Die Ergebnisse der Studie eröffnen neue Möglichkeiten in der Behandlung von stressbedingten Erkrankungen oder Angststörungen.
Pupillenfeedback ist entscheidend
Um den Zusammenhang zwischen Pupillengrösse und dem Erregungszustand des Gehirns zu untersuchen, brachten die Forschenden zunächst einer Gruppe von 27 Versuchspersonen bei, ihre Pupillengrösse willentlich zu kontrollieren. Mit Hilfe von mentalen Entspannungs- und Aktivierungstechniken, wie zum Beispiel der Konzentration auf die Atmung oder die Visualisierung anstrengender oder bedrohlicher Situationen, sollten die Probanden ihre Pupillen abwechselnd verengen und vergrössern.
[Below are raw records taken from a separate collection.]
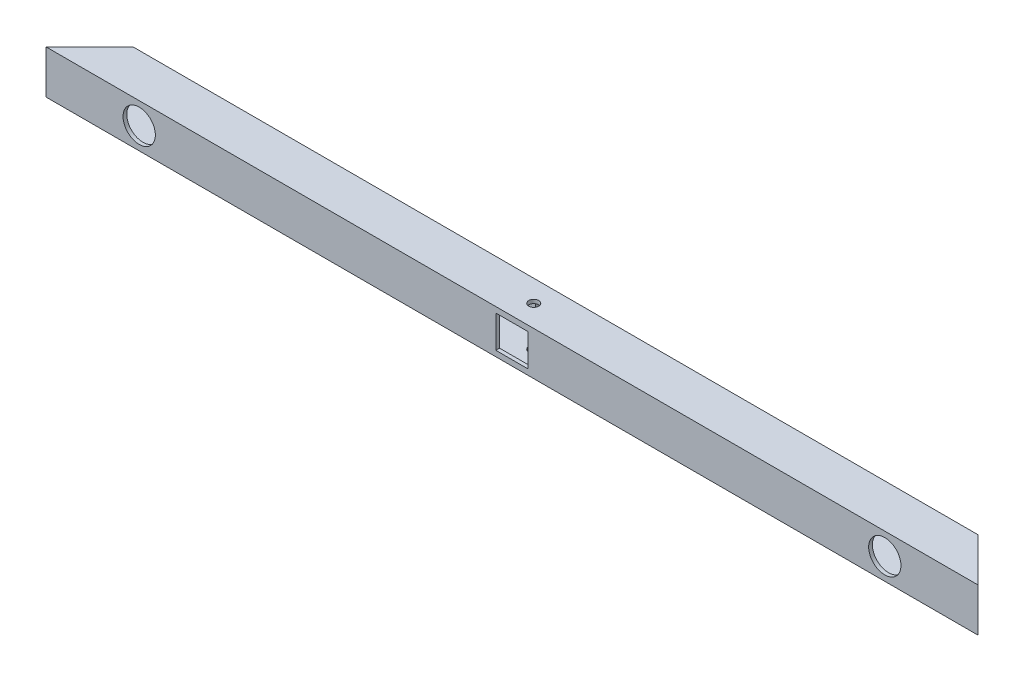
SolidWorks part; units mm, degrees
ref_plane "Front Plane" through (0, 0, 0) normal (0, 0, 1) x (1, 0, 0)
ref_plane "Top Plane" through (0, 0, 0) normal (0, 1, 0) x (1, 0, 0)
ref_plane "Right Plane" through (0, 0, 0) normal (1, 0, 0) x (0, 0, -1)
sketch "Sketch1" plane through (0, 0, 0) normal (0, 1, 0) x (1, 0, 0)
  line L0 (-325, -12.5) -> (-290, 22.5)
  line L1 (-290, 22.5) -> (390, 22.5)
  line L3 (-325, -12.5) -> (425, -12.5)
  line L7 (425, -12.5) -> (390, 22.5)
  dimension "D1" = 750
  dimension "D2" = 45
  dimension "D3" = 45
  dimension "D4" = 35
extrude "Boss-Extrude1" add sketch "Sketch1" along normal blind 35
shell "Shell1" thickness 3
sketch "Sketch4" plane through (0, 0, 12.5) normal (0, 0, 1) x (1, 0, 0)
  line L0 (-325, 35) -> (-325, 0) construction
  line L1 (425, 35) -> (425, 0) construction
  circle A0 centre (-250, 17.5) radius 13
  circle A1 centre (350, 17.5) radius 13
  dimension "D1" = 26
  dimension "D3" = 26
  dimension "D2" = 75
  dimension "D4" = 75
extrude "Cut-Extrude1" cut sketch "Sketch4" against normal blind 49
sketch "Sketch5" plane through (0, 0, -22.5) normal (0, 0, -1) x (-1, 0, 0)
  line L0 (-50, 35) -> (-50, 0) construction
  line L1 (-390, 35) -> (290, 35) construction
  line L2 (-390, 0) -> (290, 0) construction
  line L4 (-63, 30.5) -> (-37, 30.5)
  line L5 (-63, 30.5) -> (-63, 4.5)
  line L6 (-63, 4.5) -> (-37, 4.5)
  line L7 (-37, 30.5) -> (-37, 4.5)
  line L8 (-63, 30.5) -> (-37, 4.5) construction
  line L9 (-63, 4.5) -> (-37, 30.5) construction
  point P6 (-50, 17.5)
  dimension "D1" = 26
  dimension "D2" = 26
extrude "Cut-Extrude2" cut sketch "Sketch5" against normal blind 39
sketch "Sketch6" plane through (0, 35, 0) normal (0, 1, 0) x (1, 0, 0)
  line L0 (-325, -12.5) -> (425, -12.5) construction
  circle A0 centre (50, 5) radius 4
  dimension "D1" = 8
  dimension "D2" = 17.5
extrude "Cut-Extrude3" cut sketch "Sketch6" against normal blind 35
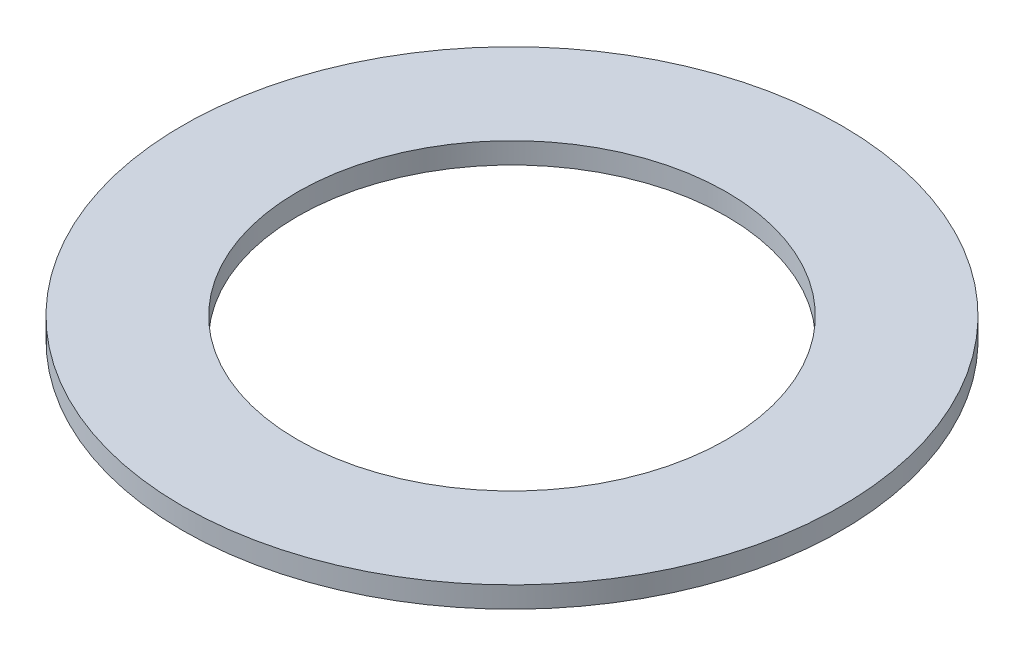
SolidWorks part; units mm, degrees
ref_plane "Front" through (0, 0, 0) normal (0, 0, 1) x (1, 0, 0)
ref_plane "Top" through (0, 0, 0) normal (0, 1, 0) x (1, 0, 0)
ref_plane "Right" through (0, 0, 0) normal (1, 0, 0) x (0, 0, -1)
ref_plane "Plane1" through (0, 0, 0) normal (0, 0, -1) x (-1, 0, 0)
sketch "Sketch1" plane through (0, 0, 0) normal (0, 0, -1) x (-1, 0, 0)
  line L0 (-8.2677, 0.8128) -> (-12.7, 0.8128)
  line L1 (-12.7, 0.8128) -> (-12.7, 0)
  line L2 (-12.7, 0) -> (-8.2677, 0)
  line L3 (-8.2677, 0) -> (-8.2677, 0.8128)
  line L4 (0, 0) -> (0, 0.8128) construction
revolve "Revolve1" add sketch "Sketch1" angle 360 about L4
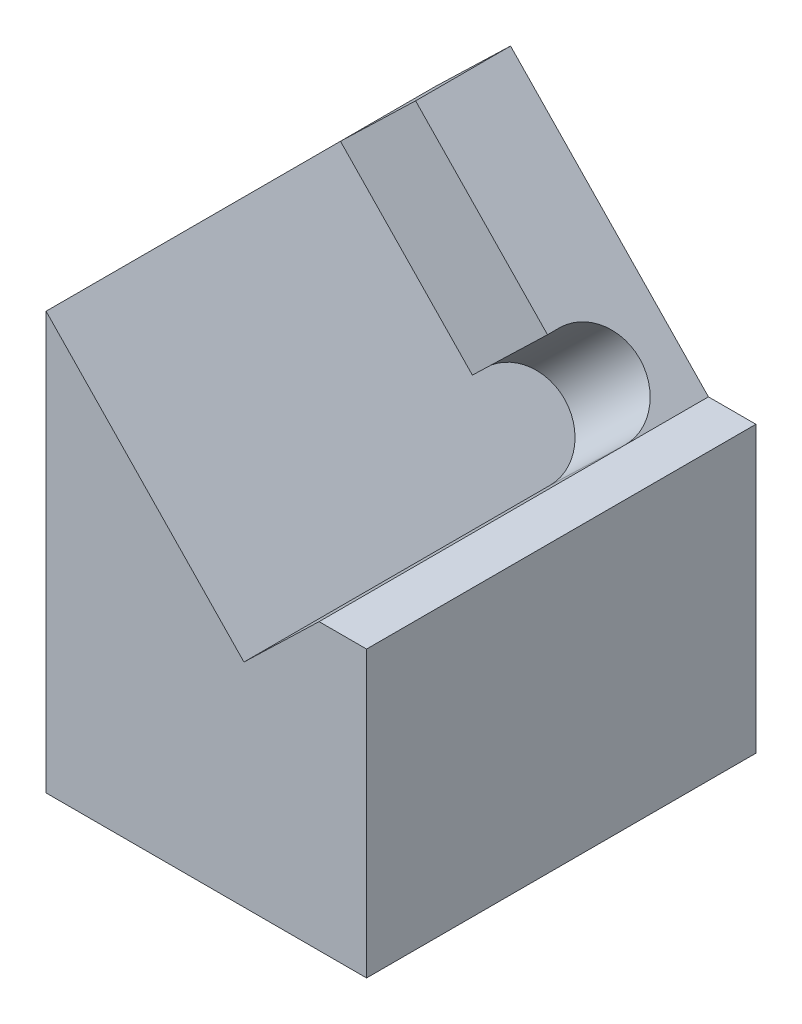
SolidWorks part; units mm, degrees
ref_plane "Front Plane" through (0, 0, 0) normal (0, 0, 1) x (1, 0, 0)
ref_plane "Top Plane" through (0, 0, 0) normal (0, 1, 0) x (1, 0, 0)
ref_plane "Right Plane" through (0, 0, 0) normal (1, 0, 0) x (0, 0, -1)
sketch "Sketch1" plane through (0, 0, 0) normal (0, 0, 1) x (1, 0, 0)
  line L0 (0, 0) -> (0, 4.7873)
  line L1 (0, 4.7873) -> (1.5825, 6.3155)
  line L2 (1.5825, 6.3155) -> (5.75, 2)
  line L3 (5.75, 2) -> (6.75, 2)
  line L4 (6.75, 2) -> (6.75, 0)
  line L5 (6.75, 0) -> (0, 0)
  dimension "D1" = 6.75
  dimension "D2" = 2
  dimension "D3" = 1
  dimension "D4" = 134
  dimension "D5" = 2.2
extrude "Boss-Extrude1" add sketch "Sketch1" along normal blind 8.2
sketch "Sketch2" plane through (3.9747, 3.8383, 0) normal (0.7193, 0.6947, 0) x (0, 0, -1)
  line L1 (-8.2, 3.4437) -> (-2, 3.4437)
  line L2 (-8.2, 3.4437) -> (-8.2, -2.5556)
  line L3 (-8.2, -2.5556) -> (-1.75, -2.5556)
  line L4 (-2, 3.4437) -> (-2, -0.5556)
  line L5 (-8.2, -2.5556) -> (0, -2.5556) construction
  line L6 (-2, -0.5556) -> (-1.75, -0.5556)
  line L8 (0, -2.5556) -> (0, 3.4437) construction
  arc A1 (-1.75, -2.5556) -> (-1.75, -0.5556) centre (-1.75, -1.5556) ccw
  dimension "D2" = 1
  dimension "D1" = 0.25
  dimension "D4" = 2
extrude "Cut-Extrude1" cut sketch "Sketch2" against normal blind 2.2
sketch "Sketch3" plane through (0, 0, 0) normal (0, -1, 0) x (1, 0, 0)
  line L1 (0, 8.2) -> (6.75, 8.2)
  line L2 (0, 8.2) -> (0, 0)
  line L3 (0, 0) -> (6.75, 0)
  line L4 (6.75, 8.2) -> (6.75, 0)
extrude "Boss-Extrude2" add sketch "Sketch3" along normal blind 4
hole_wizard "Ø1.5mm Dowel Hole1" positions "Sketch6" profile "Sketch4" hole size "Ø1.5" standard "ISO"
sketch "Sketch6" plane through (0, -4, 0) normal (0, -1, 0) x (-1, 0, 0)
  line L0 (0, -8.2) -> (0, 0) construction
  point P0 (-2, -7.1)
  point P2 (-2, -1.1)
  point P5 (0, -4.1)
  dimension "D1" = 6
  dimension "D2" = 3
  dimension "D3" = 2
sketch "Sketch4" plane through (2, -4, 7.1) normal (1, 0, 0) x (0, 0, -1)
  line L0 (0, 0) -> (0, 3.4506)
  line L1 (0, 3.4506) -> (0.75, 3)
  line L2 (0.75, 3) -> (0.75, 0)
  line L5 (0.75, 0) -> (0, 0)
  line L10 (0, 3.4506) -> (-0.75, 3) construction
  line L11 (0, -6.35) -> (0, 107.95) construction
  dimension "Hole Dia." = 1.5
  dimension "Hole Depth" = 3
  dimension "Drill Angle" = 118
hole_wizard "M2x0.4 Tapped Hole1" positions "Sketch8" profile "Sketch7" tap size "M2x0.4" standard "ANSI Metric"
sketch "Sketch8" plane through (0, -4, 0) normal (0, -1, 0) x (-1, 0, 0)
  line L0 (0, -8.2) -> (0, 0) construction
  line L1 (0, 0) -> (-6.75, 0) construction
  point P0 (-2, -4.1)
  dimension "D1" = 2
  dimension "D2" = 4.1
sketch "Sketch7" plane through (2, -4, 4.1) normal (1, 0, 0) x (0, 0, -1)
  line L0 (0, 0) -> (0, 4.4807)
  line L1 (0, 4.4807) -> (0.8, 4)
  line L2 (0.8, 4) -> (0.8, 0)
  line L5 (0.8, 0) -> (0, 0)
  line L10 (0, 4.4807) -> (-0.8, 4) construction
  line L11 (0, -6.35) -> (0, 107.95) construction
  dimension "Tap Drill Dia." = 1.6
  dimension "Tap Drill Depth" = 4
  dimension "Drill Angle" = 118
cosmetic thread "Hole Thread1" parameters "D1"=3.5, "D2"=2
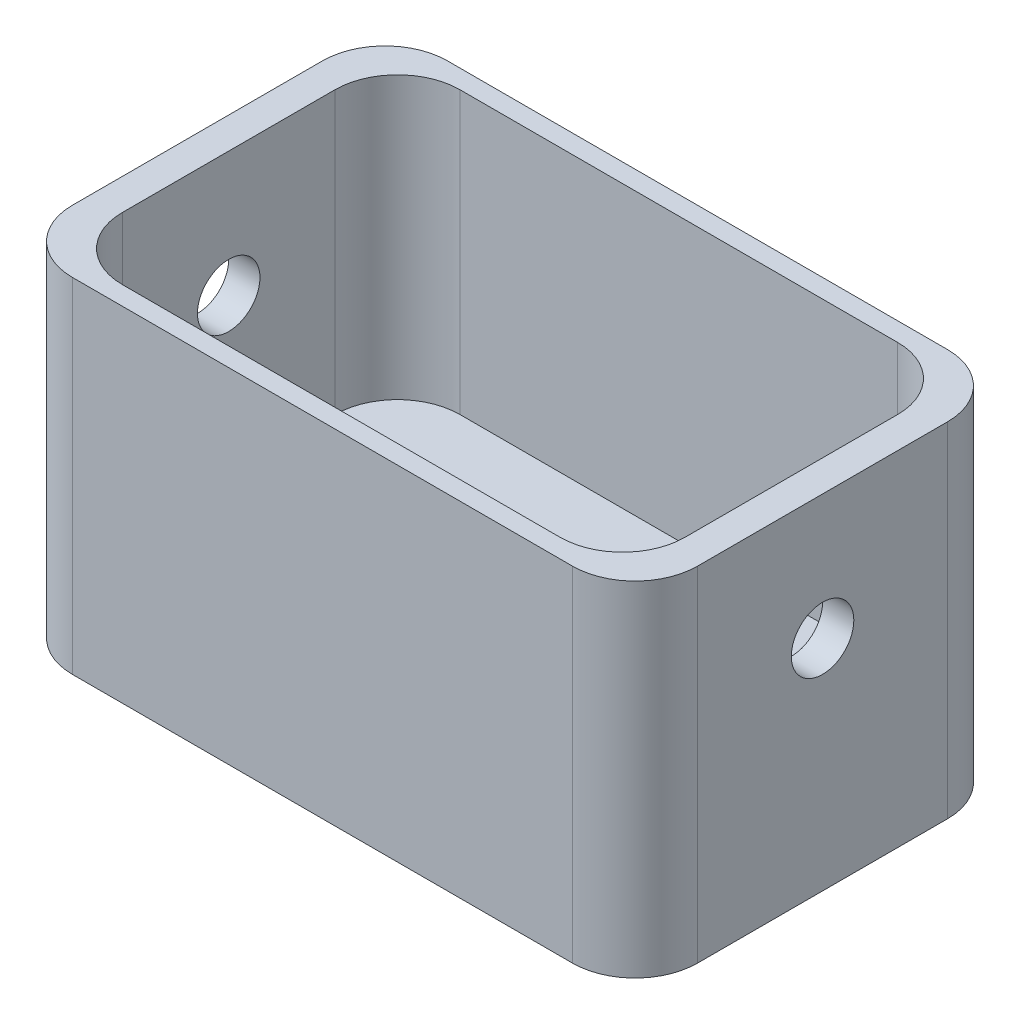
SolidWorks part; units mm, degrees
ref_plane "Plano frontal" through (0, 0, 0) normal (0, 0, 1) x (1, 0, 0)
ref_plane "Plano superior" through (0, 0, 0) normal (0, 1, 0) x (1, 0, 0)
ref_plane "Plano direito" through (0, 0, 0) normal (1, 0, 0) x (0, 0, -1)
sketch "Esboço3" plane through (0, 0, 0) normal (0, 1, 0) x (1, 0, 0)
  line L1 (50, -30) -> (-50, -30)
  line L2 (50, -30) -> (50, 30)
  line L3 (50, 30) -> (-50, 30)
  line L4 (-50, -30) -> (-50, 30)
  line L5 (50, -30) -> (-50, 30) construction
  line L6 (50, 30) -> (-50, -30) construction
  point P0 (0, 0)
  dimension "D1" = 100
  dimension "D2" = 60
extrude "Ressalto-extrusão1" add sketch "Esboço3" along normal blind 55
sketch "Esboço4" plane through (0, 55, 0) normal (0, 1, 0) x (1, 0, 0)
  line L0 (-50, 30) -> (-50, -30) construction
  line L1 (45, 27) -> (-45, 27)
  line L2 (45, 27) -> (45, -27)
  line L3 (45, -27) -> (-45, -27)
  line L4 (-45, 27) -> (-45, -27)
  line L5 (45, 27) -> (-45, -27) construction
  line L6 (45, -27) -> (-45, 27) construction
  line L7 (50, 30) -> (-50, 30) construction
  point P0 (0, 0)
  dimension "D1" = 5
  dimension "D2" = 3
extrude "Corte-extrusão1" cut sketch "Esboço4" against normal blind 45
sketch "Esboço5" plane through (50, 0, 0) normal (1, 0, 0) x (0, 0, -1)
  line L1 (-30, 0) -> (30, 0) construction
  circle A0 centre (0, 35) radius 5
  point P2 (0, 0)
  point P6 (0, 0)
  dimension "D1" = 10
  dimension "D2" = 35
extrude "Corte-extrusão2" cut sketch "Esboço5" against normal blind 100
fillet "Filete1" radius 10 8 edges at (-45, 32.5, 27) (45, 32.5, 27) (45, 32.5, -27) (-45, 32.5, -27) (50, 27.5, 30) (-50, 27.5, 30) (-50, 27.5, -30) (50, 27.5, -30)

Dabei sassen sie vor einem Bildschirm mit einem Eye-Tracker, der aufzeichnete, wie gut ihnen das gelang.
Dieses Feedback zeigten die Forschenden einem Teil der Probanden in Form eines Kreises auf dem Bildschirm: Ein kleiner werdender Kreis wies die Probanden auf sich verengende Pupillen und damit auf eine Entspannung hin. Ein grösser werdender Kreis hingegen auf sich weitende Pupillen und steigende Erregung.
Die Forschenden fanden heraus, dass Personen, die ein Echtzeit-Feedback über ihre Pupillengrösse erhielten, besser in der Lage waren, ihren Erregungszustand und ihre Pupillengrösse zu kontrollieren. Das Pupillenfeedback ermöglichte den Probanden, die Entspannungs- und Aktivierungstechniken zu identifizieren, die bei ihnen am besten funktionierten. Im Gegensatz dazu erhielt die Kontrollgruppe entweder ein falsches Feedbacksignal, das nicht im Zusammenhang mit ihrer eigenen Pupillengrösse stand, oder wurde angewiesen, sich rein auf die Anwendung mentaler Strategien zu konzentrieren.
MRI zeigt Aktivität im Hirnstammkern
Anschliessend wiederholten die Forschenden das Experiment, nur dass sie die Hirnaktivität der Versuchspersonen nun mittels Magnetresonanztomographie aufzeichneten. «Wir erkannten, dass die bewusste Veränderung der Pupillengrösse tatsächlich mit Aktivitätsveränderungen in Hirnstammregionen einhergehen, die den Erregungszustand des Gehirns regulieren», erklärt Sarah Meissner, Postdoktorandin in der Forschungsgruppe von Nicole Wenderoth.
Dass die Veränderung der Pupillengrösse die Versuchspersonen auch körperlich entspannte oder aktivierte, belegte ein Blick auf deren Herzfrequenz. Der Puls der Probanden, die ihre Pupillen auf Grund des Feedbacks besser kontrollieren konnten, sank bzw. stieg am Ende des Trainings stärker als am Anfang des Trainings und auch stärker als der Puls der Kontrollgruppe.
Anwendung mittels VR-Brille
Das Verfahren der ETH-Forschenden lässt sich gut auf eine handelsübliche VR-Brille übertragen, die in Echtzeit Feedback zur Pupillengrösse liefert. «Unser Ziel ist, dass Menschen spielerisch lernen, ihre Pupillen zu kontrollieren und so herausfinden, welche Entspannungs- oder Aktivierungstechniken für sie am besten funktionieren», sagt ETH-Professorin Wenderoth. Mit Mindmetrix haben die Forschenden bereits ein ETH Spin-off gegründet, das die Technologie auf den Markt bringen soll.
«Hochschulmedizin Zürich» - Projekt Stress
Diese Studie ist ein Teil des Flagship-Projekts «Stress» der Forschungsinitiative «Hochschulmedizin Zürich». Zweck des Flagship-Projekts «Stress» ist es, die Auswirkungen von Stress auf die geistige und körperliche Gesundheit zu verstehen, zu diagnostizieren und zu behandeln. An der Forschungskooperation beteiligen sich Forschende der ETH, der Universität, der Psychiatrischen Universitätsklinik und des Universitätsspitals Zürich.